The system is developed using Python 3.12, based on the Ultralytics YOLO12 deep learning framework to achieve object detection, using PySide6 (Qt for Python) to build a modern graphical user interface, using OpenCV for image and video processing, using DetectWorker multi-threaded asynchronous processing technology to ensure interface fluency, and using SQLite database to achieve persistent data storage and query, the system architecture is clear, Modular design for easy function expansion and maintenance.
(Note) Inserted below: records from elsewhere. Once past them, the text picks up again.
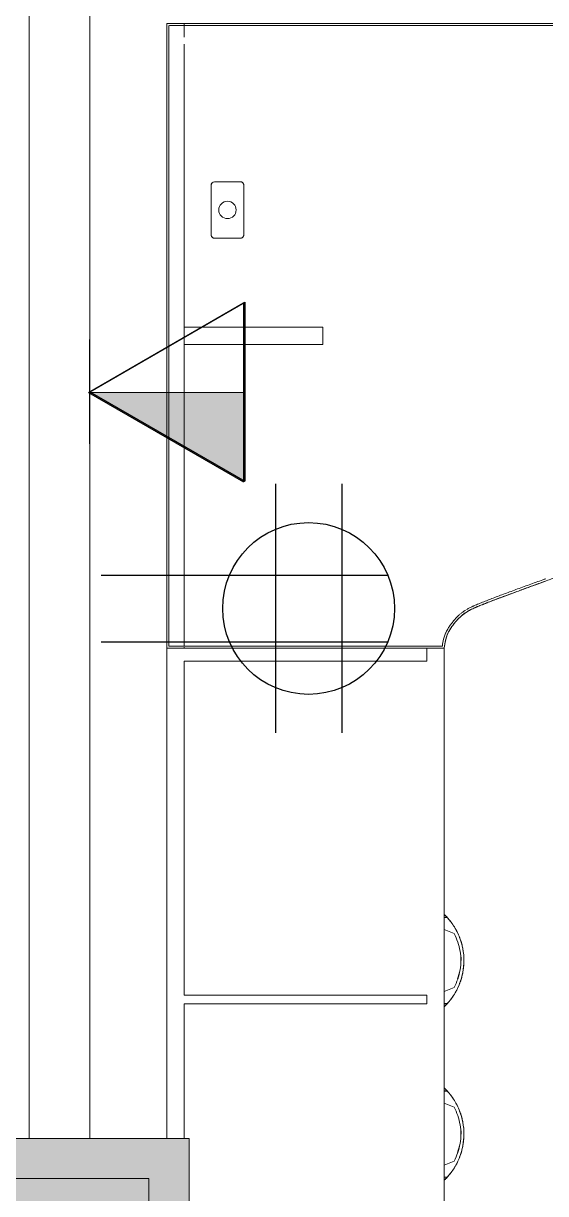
# Model space of a CAD drawing. Header units: inches. Extents: x 385 to 2249, y -1773 to -36.
# Drawn here: x 1937.6 to 1967.7, y -1694.3 to -1626.9 of the extents above; entities that cross this region are included whole.
import ezdxf

# ---------------------------------------------------------------- set-up
doc = ezdxf.new("R2010")
doc.units = ezdxf.units.IN
doc.header["$MEASUREMENT"] = 0
for name, color, linetype, lineweight in [('A-ANNO-NOTE', 131, 'Continuous', 30), ('A-COLS', 52, 'Continuous', 13), ('I-FURN', 30, 'Continuous', 9), ('I-FURN-PNLS', 30, 'Continuous', 9), ('I-WALL', 2, 'Continuous', 13)]:
    doc.layers.add(name, color=color, linetype=linetype, lineweight=lineweight)

# ---------------------------------------------------------------- blocks, each defined once
blk = doc.blocks.new('Columns 15 - Columns 4-5094592-Level 6 POWER _ SIGNAL')
at = {"layer": 'A-COLS', "color": 8, "lineweight": 20}
for p, q in [((1386.748, -824.836), (1378.584, -849.964)), ((1412.527, -833.212), (1386.748, -824.836)), ((1404.362, -858.34), (1412.527, -833.212)), ((1378.584, -849.964), (1404.362, -858.34))]:
    blk.add_line(p, q, dxfattribs=at)
blk = doc.blocks.new('Zira Wksta 11 - Type 2-V31-Level 6 POWER _ SIGNAL')
at = {"layer": 'I-FURN'}
for p, q in [((-16.173, 66.48), (-16, 66.48)), ((-16.173, 66.48), (-16, 66.48)), ((-16, 66.487), (-16.167, 66.487)), ((-16, 66.487), (-16.167, 66.487)), ((-16, 66.604), (-16, 66.657)), ((-16, 66.657), (-16, 66.614)), ((-16, 66.604), (-16, 66.657)), ((-16, 66.657), (-16, 66.614)), ((-16, 66.614), (-16, 66.512)), ((-16, 66.614), (-16, 66.512)), ((-16, 66.512), (-16, 66.604)), ((-16, 66.512), (-16, 66.604)), ((-16, 66.48), (-16, 66.512)), ((-16, 66.512), (-16, 66.487)), ((-16, 66.48), (-16, 66.512)), ((-16, 66.512), (-16, 66.487)), ((-16, 66.48), (-16, 65.791)), ((-16, 66.139), (-16, 66.48)), ((-16, 66.48), (-16, 65.791)), ((-16, 66.139), (-16, 66.48)), ((-16, 65.791), (-16, 66.136)), ((-16, 65.791), (-16, 66.136)), ((-16.561, 65.559), (-16.281, 65.675)), ((-16.561, 65.559), (-16.281, 65.675)), ((-16.281, 65.675), (-16, 65.791)), ((-16.281, 65.675), (-16, 65.791)), ((-16.281, 62.325), (-16.561, 62.441)), ((-16.281, 62.325), (-16.561, 62.441)), ((-16, 62.209), (-16.281, 62.325)), ((-16, 62.209), (-16.281, 62.325)), ((-16, 61.864), (-16, 62.209)), ((-16, 62.209), (-16, 61.52)), ((-16, 61.864), (-16, 62.209)), ((-16, 62.209), (-16, 61.52)), ((-16, 61.52), (-16.173, 61.52)), ((-16, 61.52), (-16.173, 61.52)), ((-16.167, 61.513), (-16, 61.513)), ((-16.167, 61.513), (-16, 61.513)), ((-16, 61.52), (-16, 61.861)), ((-16, 61.52), (-16, 61.861)), ((-16, 61.488), (-16, 61.52)), ((-16, 61.488), (-16, 61.52)), ((-16, 61.513), (-16, 61.488)), ((-16, 61.513), (-16, 61.488)), ((-16, 61.488), (-16, 61.452)), ((-16, 61.396), (-16, 61.488)), ((-16, 61.488), (-16, 61.386)), ((-16, 61.396), (-16, 61.488)), ((-16, 61.452), (-16, 61.386)), ((-16, 61.359), (-16, 61.396)), ((-16, 61.343), (-16, 61.396)), ((-16, 61.386), (-16, 61.343)), ((-16, 61.386), (-16, 61.343)), ((-16, 61.343), (-16, 61.359)), ((-16, 56.641), (-16, 56.657)), ((-16, 56.657), (-16, 56.614)), ((-16, 56.604), (-16, 56.641)), ((-16.173, 56.48), (-16, 56.48)), ((-16, 56.487), (-16.167, 56.487)), ((-16, 56.614), (-16, 56.548)), ((-16, 56.512), (-16, 56.604)), ((-16, 56.548), (-16, 56.512)), ((-16, 56.48), (-16, 56.512)), ((-16, 56.512), (-16, 56.487)), ((-16, 56.48), (-16, 55.791)), ((-16, 56.139), (-16, 56.48)), ((-16, 55.791), (-16, 56.136)), ((-16.561, 55.559), (-16.281, 55.675)), ((-16.281, 55.675), (-16, 55.791)), ((-16.281, 52.325), (-16.561, 52.441)), ((-16, 52.209), (-16.281, 52.325)), ((-16, 51.864), (-16, 52.209)), ((-16, 52.209), (-16, 51.52)), ((-16, 51.52), (-16.173, 51.52)), ((-16.167, 51.513), (-16, 51.513)), ((-16, 51.52), (-16, 51.861)), ((-16, 51.488), (-16, 51.52)), ((-16, 51.513), (-16, 51.488)), ((-16, 51.488), (-16, 51.386)), ((-16, 51.396), (-16, 51.488)), ((-16, 51.359), (-16, 51.396)), ((-16, 51.386), (-16, 51.355)), ((-16, 51.343), (-16, 51.359)), ((-16, 51.355), (-16, 51.343)), ((-4.437, 12.188), (-4.437, 9.313)), ((-4.437, 9.313), (-4.437, 12.188)), ((-2.75, 12.375), (-4.25, 12.375)), ((-4.25, 12.375), (-2.75, 12.375)), ((-2.562, 9.313), (-2.562, 12.188)), ((-2.562, 12.188), (-2.562, 9.313)), ((-4.25, 9.125), (-2.75, 9.125)), ((-2.75, 9.125), (-4.25, 9.125))]:
    blk.add_line(p, q, dxfattribs=at)
at = {"layer": 'I-FURN', "flags": 128}
for points in [[(-16, 65.791), (-16.281, 65.675), (-16.561, 65.559)], [(-16, 65.791), (-16.281, 65.675), (-16.561, 65.559)], [(-16.561, 62.441), (-16.281, 62.325), (-16, 62.209)], [(-16.561, 62.441), (-16.281, 62.325), (-16, 62.209)], [(-16, 55.791), (-16.281, 55.675), (-16.561, 55.559)], [(-16.561, 52.441), (-16.281, 52.325), (-16, 52.209)]]:
    blk.add_lwpolyline(points, dxfattribs=at)
at = {"layer": 'I-FURN'}
for centre, radius, start, end in [((-13.447, 64), 3.685, 137.02895, 137.70289), ((-13.447, 64), 3.685, 137.02895, 137.70289), ((-13.447, 64), 3.685, 137.03852, 137.56704), ((-13.447, 64), 3.685, 137.03852, 137.56704), ((-13.447, 64), 3.685, 222.29711, 222.97105), ((-13.447, 64), 3.685, 222.29711, 222.97105), ((-13.447, 64), 3.685, 222.43296, 222.96148), ((-13.447, 64), 3.685, 222.43296, 222.96148), ((-13.447, 54), 3.685, 137.02895, 137.70289), ((-13.447, 54), 3.685, 137.03852, 137.56704), ((-13.447, 54), 3.685, 222.29711, 222.97105), ((-13.447, 54), 3.685, 222.43296, 222.96148), ((-4.25, 12.188), 0.188, 90, 180), ((-4.25, 12.188), 0.188, 165, 180), ((-4.25, 12.188), 0.188, 135, 165), ((-4.25, 12.188), 0.187, 120, 135), ((-4.25, 12.188), 0.188, 90, 120), ((-2.75, 12.188), 0.187, 0, 90), ((-2.75, 12.188), 0.187, 75, 90), ((-2.75, 12.188), 0.188, 60, 75), ((-2.75, 12.188), 0.188, 45, 60), ((-2.75, 12.188), 0.188, 15, 45), ((-2.75, 12.188), 0.188, 0, 15), ((-3.5, 10.75), 0.5, 90, 270), ((-3.5, 10.75), 0.5, 90, 270), ((-3.5, 10.75), 0.5, 270, 90), ((-3.5, 10.75), 0.5, 270, 90), ((-4.25, 9.313), 0.188, 180, 270), ((-4.25, 9.313), 0.187, 180, 195), ((-4.25, 9.313), 0.187, 195, 225), ((-4.25, 9.313), 0.187, 225, 240), ((-4.25, 9.313), 0.187, 240, 255), ((-4.25, 9.313), 0.188, 255, 270), ((-2.75, 9.313), 0.187, 270, 0), ((-2.75, 9.313), 0.187, 270, 315), ((-2.75, 9.313), 0.188, 315, 330), ((-2.75, 9.313), 0.188, 330, 345), ((-2.75, 9.313), 0.187, 345, 0)]:
    blk.add_arc(centre, radius, start, end, dxfattribs=at)
for points, knots in [([(-16.173, 61.52), (-16.325, 61.687), (-16.598, 62.05), (-16.903, 62.661), (-17.09, 63.318), (-17.174, 64.227), (-17.004, 65.135), (-16.599, 65.95), (-16.325, 66.313), (-16.173, 66.48)], [0, 0, 0, 0, 0.125, 0.25, 0.375, 0.5, 0.75, 0.875, 1, 1, 1, 1]), ([(-16, 66.657), (-16.001, 66.657), (-16.002, 66.656), (-16.004, 66.653), (-16.007, 66.651), (-16.009, 66.649), (-16.012, 66.645), (-16.016, 66.642), (-16.019, 66.639), (-16.023, 66.635), (-16.027, 66.631), (-16.032, 66.627), (-16.041, 66.618), (-16.048, 66.61), (-16.055, 66.604)], [0, 0, 0, 0, 0.125, 0.1875, 0.25, 0.3125, 0.375, 0.4375, 0.5, 0.5625, 0.625, 0.6875, 0.75, 1, 1, 1, 1]), ([(-16, 66.657), (-16.001, 66.657), (-16.002, 66.656), (-16.004, 66.653), (-16.007, 66.651), (-16.009, 66.649), (-16.012, 66.645), (-16.016, 66.642), (-16.019, 66.639), (-16.023, 66.635), (-16.027, 66.631), (-16.032, 66.627), (-16.041, 66.618), (-16.048, 66.61), (-16.055, 66.604)], [0, 0, 0, 0, 0.125, 0.1875, 0.25, 0.3125, 0.375, 0.4375, 0.5, 0.5625, 0.625, 0.6875, 0.75, 1, 1, 1, 1]), ([(-16.045, 66.614), (-16.039, 66.619), (-16.031, 66.627), (-16.021, 66.637), (-16.016, 66.642), (-16.012, 66.646), (-16.009, 66.649), (-16.007, 66.651), (-16.004, 66.653), (-16.003, 66.655), (-16.001, 66.656), (-16, 66.657), (-16, 66.657)], [0, 0, 0, 0, 0.25, 0.375, 0.5, 0.5625, 0.625, 0.6875, 0.75, 0.8125, 0.875, 1, 1, 1, 1]), ([(-16.045, 66.614), (-16.039, 66.619), (-16.031, 66.627), (-16.021, 66.637), (-16.016, 66.642), (-16.012, 66.646), (-16.009, 66.649), (-16.007, 66.651), (-16.004, 66.653), (-16.003, 66.655), (-16.001, 66.656), (-16, 66.657), (-16, 66.657)], [0, 0, 0, 0, 0.25, 0.375, 0.5, 0.5625, 0.625, 0.6875, 0.75, 0.8125, 0.875, 1, 1, 1, 1]), ([(-16.672, 65.783), (-16.727, 65.683), (-16.791, 65.555), (-16.846, 65.424), (-16.856, 65.398)], [0.15936451, 0.15936451, 0.15936451, 0.15936451, 0.22222222, 0.23762024, 0.23762024, 0.23762024, 0.23762024]), ([(-16.672, 65.783), (-16.727, 65.683), (-16.791, 65.555), (-16.846, 65.424), (-16.856, 65.398)], [0.15936451, 0.15936451, 0.15936451, 0.15936451, 0.22222222, 0.23762024, 0.23762024, 0.23762024, 0.23762024]), ([(-16.945, 65.16), (-16.973, 65.075), (-17.009, 64.949), (-17.04, 64.821), (-17.049, 64.78)], [0.28411479, 0.28411479, 0.28411479, 0.28411479, 0.33333333, 0.3562762, 0.3562762, 0.3562762, 0.3562762]), ([(-16.945, 65.16), (-16.973, 65.075), (-17.009, 64.949), (-17.04, 64.821), (-17.049, 64.78)], [0.28411479, 0.28411479, 0.28411479, 0.28411479, 0.33333333, 0.3562762, 0.3562762, 0.3562762, 0.3562762]), ([(-17.096, 64.517), (-17.106, 64.446), (-17.12, 64.319), (-17.127, 64.192), (-17.128, 64.136)], [0.40508035, 0.40508035, 0.40508035, 0.40508035, 0.44444444, 0.47528756, 0.47528756, 0.47528756, 0.47528756]), ([(-17.096, 64.517), (-17.106, 64.446), (-17.12, 64.319), (-17.127, 64.192), (-17.128, 64.136)], [0.40508035, 0.40508035, 0.40508035, 0.40508035, 0.44444444, 0.47528756, 0.47528756, 0.47528756, 0.47528756]), ([(-17.048, 63.22), (-17.04, 63.179), (-17.009, 63.052), (-16.976, 62.923), (-16.95, 62.836)], [0.64373131, 0.64373131, 0.64373131, 0.64373131, 0.66666667, 0.71591001, 0.71591001, 0.71591001, 0.71591001]), ([(-17.048, 63.22), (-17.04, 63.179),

Fig.5 General flow chart of the test cheating abnormal behavior detection and analysis system

System advantages:

Based on the YOLO12 deep learning model, this system realizes the intelligent identification and analysis of abnormal behavior in the exam. The system adopts YOLO12n lightweight detection network, which achieves mAP@0.5 = 99.50% and mAP@0.5: 0.95 = 99.48% recognition accuracy on the verification set, with an accuracy rate of 99.86% and a recall rate of 99.69%, and the number of model parameters is only 2.6M, the computational amount is 6.7 GFLOPs, and the model file is 5.5MB, which is suitable for edge device deployment. It supports real-time video stream processing, built-in FPS monitoring and inference time statistics, and supports GPU acceleration for smooth response. It provides two recognition modes: video file and real-time camera, and is equipped with data statistical analysis and visualization functions to meet the needs of examination room monitoring application scenarios.

Run the show

The system interface is divided into three areas: function buttons and parameter settings on the left, central recognition screen display, and statistical information and record management on the right, providing complete functions such as video/real-time recognition, data analysis, result display, and record query.

Detection effect display

Login Interface:

图6 登录主界面

用户登录界面,展示系统入口

Figure 7 Registration main interface

User registration interface, new users create an account

System Operation Module:

Figure 8 The main interface of the system

图9 视频检测:提前作答

Figure 10 Video detection: Delivering suspicious items

Figure 11 Video detection: Picking up suspicious items

Figure 12 Video detection: raise hand (teacher needs to determine the compliance of behavior on the spot)

Figure 13 Video detection: Candidates enter and exit the examination room midway

Figure 14 Video detection: Exam standing

Figure 15 Video inspection: Hand under the table and bury head

Figure 16 Video detection: Head tilted backward

Figure 17 Video detection: destroy the test paper

声明:本站所有文章,如无特殊说明或标注,均为本站原创发布。任何个人或组织,在未征得本站同意时,禁止复制、盗用、采集、发布本站内容到任何网站、书籍等各类媒体平台。如若本站内容侵犯了原著者的合法权益,可联系我们进行处理。